● **Dataset entries**:

====================

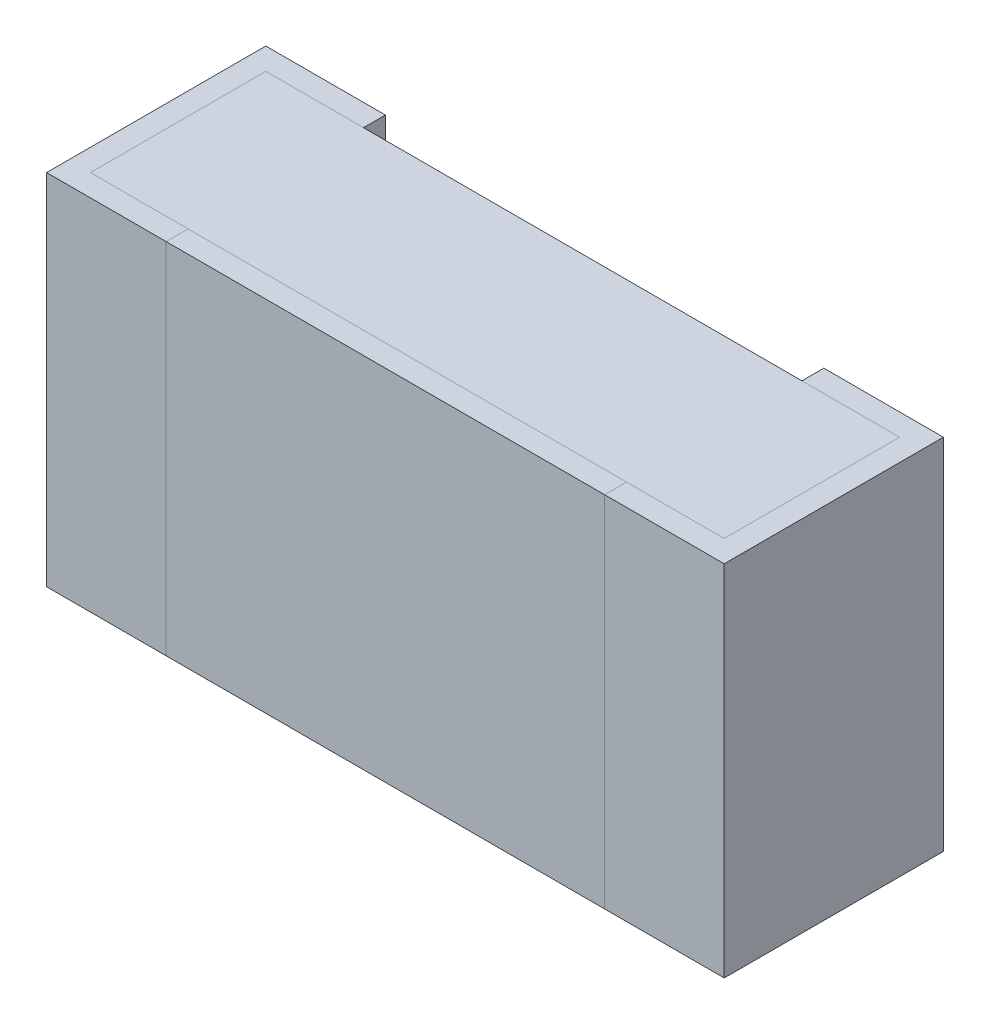
ISO-10303-21;
HEADER;
FILE_DESCRIPTION(('STEP AP214'),'2;1');
FILE_NAME('part.step','',(''),(''),'','','');
FILE_SCHEMA(('AUTOMOTIVE_DESIGN { 1 0 10303 214 1 1 1 1 }'));
ENDSEC;
DATA;
#1=APPLICATION_CONTEXT('core data for automotive mechanical design processes');
#2=APPLICATION_PROTOCOL_DEFINITION('international standard','automotive_design',2000,#1);
#3=PRODUCT_CONTEXT('',#1,'mechanical');
#4=PRODUCT('Part','Part','',(#3));
#5=PRODUCT_RELATED_PRODUCT_CATEGORY('part','',(#4));
#6=PRODUCT_DEFINITION_FORMATION('','',#4);
#7=PRODUCT_DEFINITION_CONTEXT('part definition',#1,'design');
#8=PRODUCT_DEFINITION('design','',#6,#7);
#9=PRODUCT_DEFINITION_SHAPE('','',#8);
#10=(LENGTH_UNIT() NAMED_UNIT(*) SI_UNIT(.MILLI.,.METRE.));
#11=(NAMED_UNIT(*) PLANE_ANGLE_UNIT() SI_UNIT($,.RADIAN.));
#12=(NAMED_UNIT(*) SI_UNIT($,.STERADIAN.) SOLID_ANGLE_UNIT());
#13=UNCERTAINTY_MEASURE_WITH_UNIT(LENGTH_MEASURE(1.E-05),#10,'distance_accuracy_value','');
#14=(GEOMETRIC_REPRESENTATION_CONTEXT(3) GLOBAL_UNCERTAINTY_ASSIGNED_CONTEXT((#13)) GLOBAL_UNIT_ASSIGNED_CONTEXT((#10,
#11,#12)) REPRESENTATION_CONTEXT('',''));
#15=CARTESIAN_POINT('',(0.,0.,0.));
#16=DIRECTION('',(0.,0.,1.));
#17=DIRECTION('',(1.,0.,0.));
#18=AXIS2_PLACEMENT_3D('',#15,#16,#17);
#19=CARTESIAN_POINT('',(-0.795,-0.45,0.055));
#20=DIRECTION('',(1.,0.,0.));
#21=DIRECTION('',(0.,0.,1.));
#22=AXIS2_PLACEMENT_3D('',#19,#20,#21);
#23=PLANE('',#22);
#24=DIRECTION('',(0.,1.,0.));
#25=VECTOR('',#24,1.);
#26=CARTESIAN_POINT('',(-0.795,-0.45,0.495));
#27=LINE('',#26,#25);
#28=CARTESIAN_POINT('',(-0.795,-0.45,0.495));
#29=VERTEX_POINT('',#28);
#30=CARTESIAN_POINT('',(-0.795,0.45,0.495));
#31=VERTEX_POINT('',#30);
#32=EDGE_CURVE('P0_E11',#29,#31,#27,.T.);
#33=ORIENTED_EDGE('',*,*,#32,.T.);
#34=DIRECTION('',(0.,0.,1.));
#35=VECTOR('',#34,1.);
#36=CARTESIAN_POINT('',(-0.795,0.45,0.055));
#37=LINE('',#36,#35);
#38=CARTESIAN_POINT('',(-0.795,0.45,0.055));
#39=VERTEX_POINT('',#38);
#40=EDGE_CURVE('P0_E24',#39,#31,#37,.T.);
#41=ORIENTED_EDGE('',*,*,#40,.F.);
#42=DIRECTION('',(0.,1.,0.));
#43=VECTOR('',#42,1.);
#44=CARTESIAN_POINT('',(-0.795,-0.45,0.055));
#45=LINE('',#44,#43);
#46=CARTESIAN_POINT('',(-0.795,-0.45,0.055));
#47=VERTEX_POINT('',#46);
#48=EDGE_CURVE('P0_E86',#47,#39,#45,.T.);
#49=ORIENTED_EDGE('',*,*,#48,.F.);
#50=DIRECTION('',(0.,0.,1.));
#51=VECTOR('',#50,1.);
#52=CARTESIAN_POINT('',(-0.795,-0.45,0.055));
#53=LINE('',#52,#51);
#54=EDGE_CURVE('P0_E36',#47,#29,#53,.T.);
#55=ORIENTED_EDGE('',*,*,#54,.T.);
#56=EDGE_LOOP('',(#33,#41,#49,#55));
#57=FACE_BOUND('',#56,.T.);
#58=ADVANCED_FACE('P0_F17',(#57),#23,.F.);
#59=CARTESIAN_POINT('',(0.795,-0.45,0.055));
#60=DIRECTION('',(1.,0.,0.));
#61=DIRECTION('',(0.,0.,1.));
#62=AXIS2_PLACEMENT_3D('',#59,#60,#61);
#63=PLANE('',#62);
#64=DIRECTION('',(0.,0.,1.));
#65=VECTOR('',#64,1.);
#66=CARTESIAN_POINT('',(0.795,-0.45,0.055));
#67=LINE('',#66,#65);
#68=CARTESIAN_POINT('',(0.795,-0.45,0.055));
#69=VERTEX_POINT('',#68);
#70=CARTESIAN_POINT('',(0.795,-0.45,0.495));
#71=VERTEX_POINT('',#70);
#72=EDGE_CURVE('P0_E83',#69,#71,#67,.T.);
#73=ORIENTED_EDGE('',*,*,#72,.F.);
#74=DIRECTION('',(0.,1.,0.));
#75=VECTOR('',#74,1.);
#76=CARTESIAN_POINT('',(0.795,-0.45,0.055));
#77=LINE('',#76,#75);
#78=CARTESIAN_POINT('',(0.795,0.45,0.055));
#79=VERTEX_POINT('',#78);
#80=EDGE_CURVE('P0_E63',#69,#79,#77,.T.);
#81=ORIENTED_EDGE('',*,*,#80,.T.);
#82=DIRECTION('',(0.,0.,1.));
#83=VECTOR('',#82,1.);
#84=CARTESIAN_POINT('',(0.795,0.45,0.055));
#85=LINE('',#84,#83);
#86=CARTESIAN_POINT('',(0.795,0.45,0.495));
#87=VERTEX_POINT('',#86);
#88=EDGE_CURVE('P0_E57',#79,#87,#85,.T.);
#89=ORIENTED_EDGE('',*,*,#88,.T.);
#90=DIRECTION('',(0.,1.,0.));
#91=VECTOR('',#90,1.);
#92=CARTESIAN_POINT('',(0.795,-0.45,0.495));
#93=LINE('',#92,#91);
#94=EDGE_CURVE('P0_E60',#71,#87,#93,.T.);
#95=ORIENTED_EDGE('',*,*,#94,.F.);
#96=EDGE_LOOP('',(#73,#81,#89,#95));
#97=FACE_BOUND('',#96,.T.);
#98=ADVANCED_FACE('P0_F59',(#97),#63,.T.);
#99=CARTESIAN_POINT('',(-0.795,-0.45,0.055));
#100=DIRECTION('',(0.,1.,0.));
#101=DIRECTION('',(0.,0.,1.));
#102=AXIS2_PLACEMENT_3D('',#99,#100,#101);
#103=PLANE('',#102);
#104=ORIENTED_EDGE('',*,*,#72,.T.);
#105=DIRECTION('',(1.,0.,0.));
#106=VECTOR('',#105,1.);
#107=CARTESIAN_POINT('',(-0.795,-0.45,0.495));
#108=LINE('',#107,#106);
#109=EDGE_CURVE('P0_E71',#29,#71,#108,.T.);
#110=ORIENTED_EDGE('',*,*,#109,.F.);
#111=ORIENTED_EDGE('',*,*,#54,.F.);
#112=DIRECTION('',(1.,0.,0.));
#113=VECTOR('',#112,1.);
#114=CARTESIAN_POINT('',(-0.795,-0.45,0.055));
#115=LINE('',#114,#113);
#116=EDGE_CURVE('P0_E76',#47,#69,#115,.T.);
#117=ORIENTED_EDGE('',*,*,#116,.T.);
#118=EDGE_LOOP('',(#104,#110,#111,#117));
#119=FACE_BOUND('',#118,.T.);
#120=ADVANCED_FACE('P0_F91',(#119),#103,.F.);
#121=CARTESIAN_POINT('',(-0.795,0.45,0.055));
#122=DIRECTION('',(0.,1.,0.));
#123=DIRECTION('',(0.,0.,1.));
#124=AXIS2_PLACEMENT_3D('',#121,#122,#123);
#125=PLANE('',#124);
#126=DIRECTION('',(1.,0.,0.));
#127=VECTOR('',#126,1.);
#128=CARTESIAN_POINT('',(-0.795,0.45,0.055));
#129=LINE('',#128,#127);
#130=EDGE_CURVE('P0_E74',#39,#79,#129,.T.);
#131=ORIENTED_EDGE('',*,*,#130,.F.);
#132=ORIENTED_EDGE('',*,*,#40,.T.);
#133=DIRECTION('',(1.,0.,0.));
#134=VECTOR('',#133,1.);
#135=CARTESIAN_POINT('',(-0.795,0.45,0.495));
#136=LINE('',#135,#134);
#137=EDGE_CURVE('P0_E69',#31,#87,#136,.T.);
#138=ORIENTED_EDGE('',*,*,#137,.T.);
#139=ORIENTED_EDGE('',*,*,#88,.F.);
#140=EDGE_LOOP('',(#131,#132,#138,#139));
#141=FACE_BOUND('',#140,.T.);
#142=ADVANCED_FACE('P0_F73',(#141),#125,.T.);
#143=CARTESIAN_POINT('',(-0.795,-0.45,0.055));
#144=DIRECTION('',(0.,0.,1.));
#145=DIRECTION('',(1.,0.,0.));
#146=AXIS2_PLACEMENT_3D('',#143,#144,#145);
#147=PLANE('',#146);
#148=ORIENTED_EDGE('',*,*,#130,.T.);
#149=ORIENTED_EDGE('',*,*,#80,.F.);
#150=ORIENTED_EDGE('',*,*,#116,.F.);
#151=ORIENTED_EDGE('',*,*,#48,.T.);
#152=EDGE_LOOP('',(#148,#149,#150,#151));
#153=FACE_BOUND('',#152,.T.);
#154=ADVANCED_FACE('P0_F89',(#153),#147,.F.);
#155=CARTESIAN_POINT('',(-0.795,-0.45,0.495));
#156=DIRECTION('',(0.,0.,1.));
#157=DIRECTION('',(1.,0.,0.));
#158=AXIS2_PLACEMENT_3D('',#155,#156,#157);
#159=PLANE('',#158);
#160=ORIENTED_EDGE('',*,*,#32,.F.);
#161=ORIENTED_EDGE('',*,*,#109,.T.);
#162=ORIENTED_EDGE('',*,*,#94,.T.);
#163=ORIENTED_EDGE('',*,*,#137,.F.);
#164=EDGE_LOOP('',(#160,#161,#162,#163));
#165=FACE_BOUND('',#164,.T.);
#166=ADVANCED_FACE('P0_F68',(#165),#159,.T.);
#167=CLOSED_SHELL('',(#58,#98,#120,#142,#154,#166));
#168=MANIFOLD_SOLID_BREP('P0_B1',#167);
#169=CARTESIAN_POINT('',(-0.85,-0.45,0.));
#170=DIRECTION('',(1.,0.,0.));
#171=DIRECTION('',(0.,0.,1.));
#172=AXIS2_PLACEMENT_3D('',#169,#170,#171);
#173=PLANE('',#172);
#174=DIRECTION('',(0.,1.,0.));
#175=VECTOR('',#174,1.);
#176=CARTESIAN_POINT('',(-0.85,-0.45,0.55));
#177=LINE('',#176,#175);
#178=CARTESIAN_POINT('',(-0.85,-0.45,0.55));
#179=VERTEX_POINT('',#178);
#180=CARTESIAN_POINT('',(-0.85,0.45,0.55));
#181=VERTEX_POINT('',#180);
#182=EDGE_CURVE('P1_E11',#179,#181,#177,.T.);
#183=ORIENTED_EDGE('',*,*,#182,.T.);
#184=DIRECTION('',(0.,0.,1.));
#185=VECTOR('',#184,1.);
#186=CARTESIAN_POINT('',(-0.85,0.45,0.));
#187=LINE('',#186,#185);
#188=CARTESIAN_POINT('',(-0.85,0.45,0.));
#189=VERTEX_POINT('',#188);
#190=EDGE_CURVE('P1_E24',#189,#181,#187,.T.);
#191=ORIENTED_EDGE('',*,*,#190,.F.);
#192=DIRECTION('',(0.,1.,0.));
#193=VECTOR('',#192,1.);
#194=CARTESIAN_POINT('',(-0.85,-0.45,0.));
#195=LINE('',#194,#193);
#196=CARTESIAN_POINT('',(-0.85,-0.45,0.));
#197=VERTEX_POINT('',#196);
#198=EDGE_CURVE('P1_E144',#197,#189,#195,.T.);
#199=ORIENTED_EDGE('',*,*,#198,.F.);
#200=DIRECTION('',(0.,0.,1.));
#201=VECTOR('',#200,1.);
#202=CARTESIAN_POINT('',(-0.85,-0.45,0.));
#203=LINE('',#202,#201);
#204=EDGE_CURVE('P1_E36',#197,#179,#203,.T.);
#205=ORIENTED_EDGE('',*,*,#204,.T.);
#206=EDGE_LOOP('',(#183,#191,#199,#205));
#207=FACE_BOUND('',#206,.T.);
#208=ADVANCED_FACE('P1_F17',(#207),#173,.F.);
#209=CARTESIAN_POINT('',(-0.85,-0.45,0.));
#210=DIRECTION('',(0.,1.,0.));
#211=DIRECTION('',(0.,0.,1.));
#212=AXIS2_PLACEMENT_3D('',#209,#210,#211);
#213=PLANE('',#212);
#214=DIRECTION('',(1.,0.,0.));
#215=VECTOR('',#214,1.);
#216=CARTESIAN_POINT('',(-0.795,-0.45,0.055));
#217=LINE('',#216,#215);
#218=CARTESIAN_POINT('',(-0.795,-0.45,0.055));
#219=VERTEX_POINT('',#218);
#220=CARTESIAN_POINT('',(-0.55,-0.45,0.055));
#221=VERTEX_POINT('',#220);
#222=EDGE_CURVE('P1_E141',#219,#221,#217,.T.);
#223=ORIENTED_EDGE('',*,*,#222,.F.);
#224=DIRECTION('',(0.,0.,1.));
#225=VECTOR('',#224,1.);
#226=CARTESIAN_POINT('',(-0.795,-0.45,0.055));
#227=LINE('',#226,#225);
#228=CARTESIAN_POINT('',(-0.795,-0.45,0.495));
#229=VERTEX_POINT('',#228);
#230=EDGE_CURVE('P1_E103',#219,#229,#227,.T.);
#231=ORIENTED_EDGE('',*,*,#230,.T.);
#232=DIRECTION('',(1.,0.,0.));
#233=VECTOR('',#232,1.);
#234=CARTESIAN_POINT('',(-0.795,-0.45,0.495));
#235=LINE('',#234,#233);
#236=CARTESIAN_POINT('',(-0.55,-0.45,0.495));
#237=VERTEX_POINT('',#236);
#238=EDGE_CURVE('P1_E137',#229,#237,#235,.T.);
#239=ORIENTED_EDGE('',*,*,#238,.T.);
#240=DIRECTION('',(0.,0.,1.));
#241=VECTOR('',#240,1.);
#242=CARTESIAN_POINT('',(-0.55,-0.45,0.));
#243=LINE('',#242,#241);
#244=CARTESIAN_POINT('',(-0.55,-0.45,0.55));
#245=VERTEX_POINT('',#244);
#246=EDGE_CURVE('P1_E134',#237,#245,#243,.T.);
#247=ORIENTED_EDGE('',*,*,#246,.T.);
#248=DIRECTION('',(1.,0.,0.));
#249=VECTOR('',#248,1.);
#250=CARTESIAN_POINT('',(-0.85,-0.45,0.55));
#251=LINE('',#250,#249);
#252=EDGE_CURVE('P1_E132',#179,#245,#251,.T.);
#253=ORIENTED_EDGE('',*,*,#252,.F.);
#254=ORIENTED_EDGE('',*,*,#204,.F.);
#255=DIRECTION('',(1.,0.,0.));
#256=VECTOR('',#255,1.);
#257=CARTESIAN_POINT('',(-0.85,-0.45,0.));
#258=LINE('',#257,#256);
#259=CARTESIAN_POINT('',(-0.55,-0.45,0.));
#260=VERTEX_POINT('',#259);
#261=EDGE_CURVE('P1_E129',#197,#260,#258,.T.);
#262=ORIENTED_EDGE('',*,*,#261,.T.);
#263=DIRECTION('',(0.,0.,1.));
#264=VECTOR('',#263,1.);
#265=CARTESIAN_POINT('',(-0.55,-0.45,0.));
#266=LINE('',#265,#264);
#267=EDGE_CURVE('P1_E127',#260,#221,#266,.T.);
#268=ORIENTED_EDGE('',*,*,#267,.T.);
#269=EDGE_LOOP('',(#223,#231,#239,#247,#253,#254,#262,#268));
#270=FACE_BOUND('',#269,.T.);
#271=ADVANCED_FACE('P1_F153',(#270),#213,.F.);
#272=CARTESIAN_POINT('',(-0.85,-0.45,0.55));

====================

Only the lines from the top of the data through the line with "#26=CARTESIAN_POINT('',(-0.795,-0.45,0.495));" should be quoted, exactly and with both ends kept; skip the pictures.

ISO-10303-21;
HEADER;
FILE_DESCRIPTION(('STEP AP214'),'2;1');
FILE_NAME('part.step','',(''),(''),'','','');
FILE_SCHEMA(('AUTOMOTIVE_DESIGN { 1 0 10303 214 1 1 1 1 }'));
ENDSEC;
DATA;
#1=APPLICATION_CONTEXT('core data for automotive mechanical design processes');
#2=APPLICATION_PROTOCOL_DEFINITION('international standard','automotive_design',2000,#1);
#3=PRODUCT_CONTEXT('',#1,'mechanical');
#4=PRODUCT('Part','Part','',(#3));
#5=PRODUCT_RELATED_PRODUCT_CATEGORY('part','',(#4));
#6=PRODUCT_DEFINITION_FORMATION('','',#4);
#7=PRODUCT_DEFINITION_CONTEXT('part definition',#1,'design');
#8=PRODUCT_DEFINITION('design','',#6,#7);
#9=PRODUCT_DEFINITION_SHAPE('','',#8);
#10=(LENGTH_UNIT() NAMED_UNIT(*) SI_UNIT(.MILLI.,.METRE.));
#11=(NAMED_UNIT(*) PLANE_ANGLE_UNIT() SI_UNIT($,.RADIAN.));
#12=(NAMED_UNIT(*) SI_UNIT($,.STERADIAN.) SOLID_ANGLE_UNIT());
#13=UNCERTAINTY_MEASURE_WITH_UNIT(LENGTH_MEASURE(1.E-05),#10,'distance_accuracy_value','');
#14=(GEOMETRIC_REPRESENTATION_CONTEXT(3) GLOBAL_UNCERTAINTY_ASSIGNED_CONTEXT((#13)) GLOBAL_UNIT_ASSIGNED_CONTEXT((#10,
#11,#12)) REPRESENTATION_CONTEXT('',''));
#15=CARTESIAN_POINT('',(0.,0.,0.));
#16=DIRECTION('',(0.,0.,1.));
#17=DIRECTION('',(1.,0.,0.));
#18=AXIS2_PLACEMENT_3D('',#15,#16,#17);
#19=CARTESIAN_POINT('',(-0.795,-0.45,0.055));
#20=DIRECTION('',(1.,0.,0.));
#21=DIRECTION('',(0.,0.,1.));
#22=AXIS2_PLACEMENT_3D('',#19,#20,#21);
#23=PLANE('',#22);
#24=DIRECTION('',(0.,1.,0.));
#25=VECTOR('',#24,1.);
#26=CARTESIAN_POINT('',(-0.795,-0.45,0.495));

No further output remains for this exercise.